GuessLanguage Class Reference
from PyKDE5.sonnet import *
Namespace: Sonnet
Detailed Description
GuessLanguage determines the language of a given text.
GuessLanguage can determine the differnce between ~75 languages for a given string. It is based off a perl script origionaly written by Maciej Ceglowski <maciej@ceglowski.com> called Languid. His script used a 2 part huristic to determine language. First the text is is checked for the scripts it contains, then for each set of languages useing those scripts a n-gram frequency model of a given language is compared to a model of the text. The most similar language model is assumed to be the language. If no language is found an empty string is returned.
- Since:
- 4.3
Methods | |
__init__ (self) | |
QString | identify (self, QString text, QStringList suggestions=QStringList()) |
setLimits (self, int maxItems, float minConfidence) |
Method Documentation
__init__ | ( | self ) |
Constructor Creates a new GuessLanguage instance.
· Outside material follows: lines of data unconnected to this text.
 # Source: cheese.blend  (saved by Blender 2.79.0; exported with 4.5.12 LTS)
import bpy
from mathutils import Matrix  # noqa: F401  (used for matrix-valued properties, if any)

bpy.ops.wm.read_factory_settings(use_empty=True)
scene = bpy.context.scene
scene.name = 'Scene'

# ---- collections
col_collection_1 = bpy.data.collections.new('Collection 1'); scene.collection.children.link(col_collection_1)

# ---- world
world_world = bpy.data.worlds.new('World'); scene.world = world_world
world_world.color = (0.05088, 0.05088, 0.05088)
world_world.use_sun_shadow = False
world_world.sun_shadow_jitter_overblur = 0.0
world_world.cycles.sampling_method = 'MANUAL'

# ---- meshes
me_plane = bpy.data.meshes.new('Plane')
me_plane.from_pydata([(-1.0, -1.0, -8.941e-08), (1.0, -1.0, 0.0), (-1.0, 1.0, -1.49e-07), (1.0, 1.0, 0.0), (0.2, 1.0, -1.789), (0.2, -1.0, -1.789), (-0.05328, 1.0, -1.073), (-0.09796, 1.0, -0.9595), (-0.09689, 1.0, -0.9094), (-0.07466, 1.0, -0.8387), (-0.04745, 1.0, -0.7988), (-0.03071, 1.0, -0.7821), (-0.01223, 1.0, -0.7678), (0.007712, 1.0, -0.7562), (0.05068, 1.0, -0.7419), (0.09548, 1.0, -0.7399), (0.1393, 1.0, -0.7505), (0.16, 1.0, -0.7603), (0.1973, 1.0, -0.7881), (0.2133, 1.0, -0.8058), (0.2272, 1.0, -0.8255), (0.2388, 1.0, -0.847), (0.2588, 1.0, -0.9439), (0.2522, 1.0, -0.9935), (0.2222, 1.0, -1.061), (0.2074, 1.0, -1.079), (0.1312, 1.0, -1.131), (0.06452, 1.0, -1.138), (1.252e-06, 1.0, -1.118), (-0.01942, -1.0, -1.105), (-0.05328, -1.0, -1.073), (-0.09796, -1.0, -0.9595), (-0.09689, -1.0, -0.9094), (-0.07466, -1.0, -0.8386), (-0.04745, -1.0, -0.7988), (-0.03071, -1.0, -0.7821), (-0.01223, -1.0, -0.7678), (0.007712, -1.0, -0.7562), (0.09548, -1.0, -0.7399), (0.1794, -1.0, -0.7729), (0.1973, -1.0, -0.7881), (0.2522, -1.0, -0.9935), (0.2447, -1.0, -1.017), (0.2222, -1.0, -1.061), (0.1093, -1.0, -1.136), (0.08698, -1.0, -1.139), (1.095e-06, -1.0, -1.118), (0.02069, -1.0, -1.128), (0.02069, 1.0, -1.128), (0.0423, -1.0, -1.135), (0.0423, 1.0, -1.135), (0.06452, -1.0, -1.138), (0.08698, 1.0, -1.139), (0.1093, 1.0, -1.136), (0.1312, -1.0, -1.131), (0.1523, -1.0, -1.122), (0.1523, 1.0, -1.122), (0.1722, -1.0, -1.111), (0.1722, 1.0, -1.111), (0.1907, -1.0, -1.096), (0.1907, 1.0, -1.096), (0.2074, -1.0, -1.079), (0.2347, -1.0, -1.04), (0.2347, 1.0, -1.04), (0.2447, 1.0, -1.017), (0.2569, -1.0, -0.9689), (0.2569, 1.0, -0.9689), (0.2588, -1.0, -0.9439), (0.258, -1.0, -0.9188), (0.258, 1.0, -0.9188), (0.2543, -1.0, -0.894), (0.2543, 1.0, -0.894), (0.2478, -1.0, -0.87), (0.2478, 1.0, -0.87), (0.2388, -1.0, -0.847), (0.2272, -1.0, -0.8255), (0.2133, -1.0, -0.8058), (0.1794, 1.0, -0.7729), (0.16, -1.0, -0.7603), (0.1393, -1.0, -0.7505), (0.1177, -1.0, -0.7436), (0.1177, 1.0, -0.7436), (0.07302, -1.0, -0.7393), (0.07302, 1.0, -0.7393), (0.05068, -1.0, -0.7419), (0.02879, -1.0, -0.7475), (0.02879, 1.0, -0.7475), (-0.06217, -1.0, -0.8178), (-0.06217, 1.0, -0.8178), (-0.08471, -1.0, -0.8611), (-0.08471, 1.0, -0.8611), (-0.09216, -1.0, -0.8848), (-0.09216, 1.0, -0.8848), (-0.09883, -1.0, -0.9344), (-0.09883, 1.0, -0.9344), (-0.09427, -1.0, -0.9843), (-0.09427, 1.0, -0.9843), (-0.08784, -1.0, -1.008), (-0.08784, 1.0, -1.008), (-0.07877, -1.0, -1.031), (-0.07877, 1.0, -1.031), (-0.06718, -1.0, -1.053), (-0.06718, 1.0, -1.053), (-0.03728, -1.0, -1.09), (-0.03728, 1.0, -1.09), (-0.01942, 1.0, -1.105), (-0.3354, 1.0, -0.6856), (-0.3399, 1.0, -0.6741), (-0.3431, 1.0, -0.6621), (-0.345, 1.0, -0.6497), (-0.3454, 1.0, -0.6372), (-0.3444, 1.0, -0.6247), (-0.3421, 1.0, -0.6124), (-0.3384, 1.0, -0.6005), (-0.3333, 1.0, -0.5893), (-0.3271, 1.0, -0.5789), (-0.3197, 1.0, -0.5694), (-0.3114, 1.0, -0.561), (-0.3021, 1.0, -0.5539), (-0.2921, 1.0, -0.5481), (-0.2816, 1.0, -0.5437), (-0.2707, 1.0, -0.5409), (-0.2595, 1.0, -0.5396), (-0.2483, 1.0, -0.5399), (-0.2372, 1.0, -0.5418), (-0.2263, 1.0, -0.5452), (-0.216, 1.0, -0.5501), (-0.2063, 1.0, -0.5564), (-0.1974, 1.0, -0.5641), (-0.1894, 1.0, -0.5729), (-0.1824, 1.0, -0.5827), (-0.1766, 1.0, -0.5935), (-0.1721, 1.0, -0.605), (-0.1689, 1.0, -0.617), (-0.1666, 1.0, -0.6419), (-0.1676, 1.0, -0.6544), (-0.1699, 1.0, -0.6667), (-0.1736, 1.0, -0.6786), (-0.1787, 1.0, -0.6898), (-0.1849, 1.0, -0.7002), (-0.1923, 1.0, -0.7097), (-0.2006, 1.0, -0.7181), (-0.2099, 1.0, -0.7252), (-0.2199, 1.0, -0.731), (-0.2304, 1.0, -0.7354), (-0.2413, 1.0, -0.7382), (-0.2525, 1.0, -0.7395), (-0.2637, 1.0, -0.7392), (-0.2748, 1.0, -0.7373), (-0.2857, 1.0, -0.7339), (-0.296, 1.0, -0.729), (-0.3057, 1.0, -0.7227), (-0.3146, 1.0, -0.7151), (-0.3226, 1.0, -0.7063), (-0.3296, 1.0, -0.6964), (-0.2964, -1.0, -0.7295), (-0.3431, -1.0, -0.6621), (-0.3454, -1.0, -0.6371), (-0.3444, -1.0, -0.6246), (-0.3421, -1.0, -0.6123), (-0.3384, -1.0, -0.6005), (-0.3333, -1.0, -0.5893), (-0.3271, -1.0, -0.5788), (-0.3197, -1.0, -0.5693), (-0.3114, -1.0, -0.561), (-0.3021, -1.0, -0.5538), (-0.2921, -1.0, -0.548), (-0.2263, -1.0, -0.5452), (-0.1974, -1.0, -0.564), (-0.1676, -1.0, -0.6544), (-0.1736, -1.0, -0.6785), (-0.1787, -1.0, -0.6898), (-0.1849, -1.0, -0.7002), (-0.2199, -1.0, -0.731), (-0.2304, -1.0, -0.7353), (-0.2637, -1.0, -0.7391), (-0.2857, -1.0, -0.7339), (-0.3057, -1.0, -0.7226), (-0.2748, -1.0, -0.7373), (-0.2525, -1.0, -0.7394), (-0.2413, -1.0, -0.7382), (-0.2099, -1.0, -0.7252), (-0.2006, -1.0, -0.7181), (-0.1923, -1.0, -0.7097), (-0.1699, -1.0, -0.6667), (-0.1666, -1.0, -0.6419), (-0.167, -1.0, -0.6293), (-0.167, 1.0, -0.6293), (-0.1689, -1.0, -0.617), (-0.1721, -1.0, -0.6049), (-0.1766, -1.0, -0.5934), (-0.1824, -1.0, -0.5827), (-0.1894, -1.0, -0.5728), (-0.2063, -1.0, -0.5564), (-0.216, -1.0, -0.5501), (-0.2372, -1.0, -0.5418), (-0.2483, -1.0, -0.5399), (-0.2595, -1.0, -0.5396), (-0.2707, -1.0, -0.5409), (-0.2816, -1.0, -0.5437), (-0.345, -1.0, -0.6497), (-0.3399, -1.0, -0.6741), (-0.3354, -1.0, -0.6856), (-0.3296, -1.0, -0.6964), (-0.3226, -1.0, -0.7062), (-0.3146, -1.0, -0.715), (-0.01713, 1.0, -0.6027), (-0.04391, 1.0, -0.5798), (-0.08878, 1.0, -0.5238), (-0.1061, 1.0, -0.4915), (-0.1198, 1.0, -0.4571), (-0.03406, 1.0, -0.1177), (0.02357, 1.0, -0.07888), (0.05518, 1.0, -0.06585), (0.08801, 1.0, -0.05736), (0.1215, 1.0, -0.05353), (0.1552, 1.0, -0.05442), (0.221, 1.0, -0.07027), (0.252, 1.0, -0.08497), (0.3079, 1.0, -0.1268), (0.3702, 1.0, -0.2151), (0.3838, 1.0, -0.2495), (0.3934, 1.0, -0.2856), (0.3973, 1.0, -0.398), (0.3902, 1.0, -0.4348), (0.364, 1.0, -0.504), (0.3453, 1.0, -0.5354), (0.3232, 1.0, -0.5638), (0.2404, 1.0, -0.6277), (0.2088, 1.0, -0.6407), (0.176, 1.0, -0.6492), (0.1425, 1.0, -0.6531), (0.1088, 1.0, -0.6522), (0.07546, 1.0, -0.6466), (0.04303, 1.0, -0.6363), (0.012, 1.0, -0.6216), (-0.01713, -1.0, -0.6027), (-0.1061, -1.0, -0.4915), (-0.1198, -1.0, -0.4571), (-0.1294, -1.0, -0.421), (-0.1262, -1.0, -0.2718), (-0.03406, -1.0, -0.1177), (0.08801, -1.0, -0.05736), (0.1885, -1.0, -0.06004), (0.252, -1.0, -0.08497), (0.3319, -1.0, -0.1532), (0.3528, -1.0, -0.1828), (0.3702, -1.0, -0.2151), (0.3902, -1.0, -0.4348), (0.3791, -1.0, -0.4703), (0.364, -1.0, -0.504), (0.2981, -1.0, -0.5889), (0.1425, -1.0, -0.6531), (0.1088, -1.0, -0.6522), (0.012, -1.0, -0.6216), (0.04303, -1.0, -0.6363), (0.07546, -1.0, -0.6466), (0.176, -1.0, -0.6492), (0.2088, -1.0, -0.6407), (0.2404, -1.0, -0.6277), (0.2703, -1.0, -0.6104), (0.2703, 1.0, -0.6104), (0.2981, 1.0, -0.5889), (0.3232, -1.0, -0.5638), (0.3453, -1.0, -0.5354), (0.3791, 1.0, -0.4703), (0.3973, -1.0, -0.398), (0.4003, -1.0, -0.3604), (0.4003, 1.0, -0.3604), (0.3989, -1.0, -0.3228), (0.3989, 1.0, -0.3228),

If text is specified, it sets the text to be checked.
- Parameters:
-
text the text that is to be checked
QString identify | ( | self, | ||
QString | text, | |||
QStringList | suggestions=QStringList() | |||
) |
Returns the 2 digit ISO 639-1 code for the language of the currently set text and. Three digits are returned only in the case where a 2 digit code does not exist. If text isn't empty, set the text to checked.
- Parameters:
-
text to be identified
- Returns:
- list of the presumed languages of the text, sorted by decreasing confidence. Empty list means it is impossible to determine language with confidence required by setLimits
setLimits | ( | self, | ||
int | maxItems, | |||
float | minConfidence | |||
) |
Sets limits to number of languages returned by identify(). The confidence for each language is computed as difference between this and next language on the list normalized to 0-1 range. Reasonable value to get fairly sure result is 0.1 . Default is returning best guess without caring about confidence - exactly as after call to setLimits(1,0).
- Parameters:
-
maxItems The list returned by identify() will never have more than maxItems item minConfidence The list will have only enough items for their summary confidence equal or exceed minConfidence.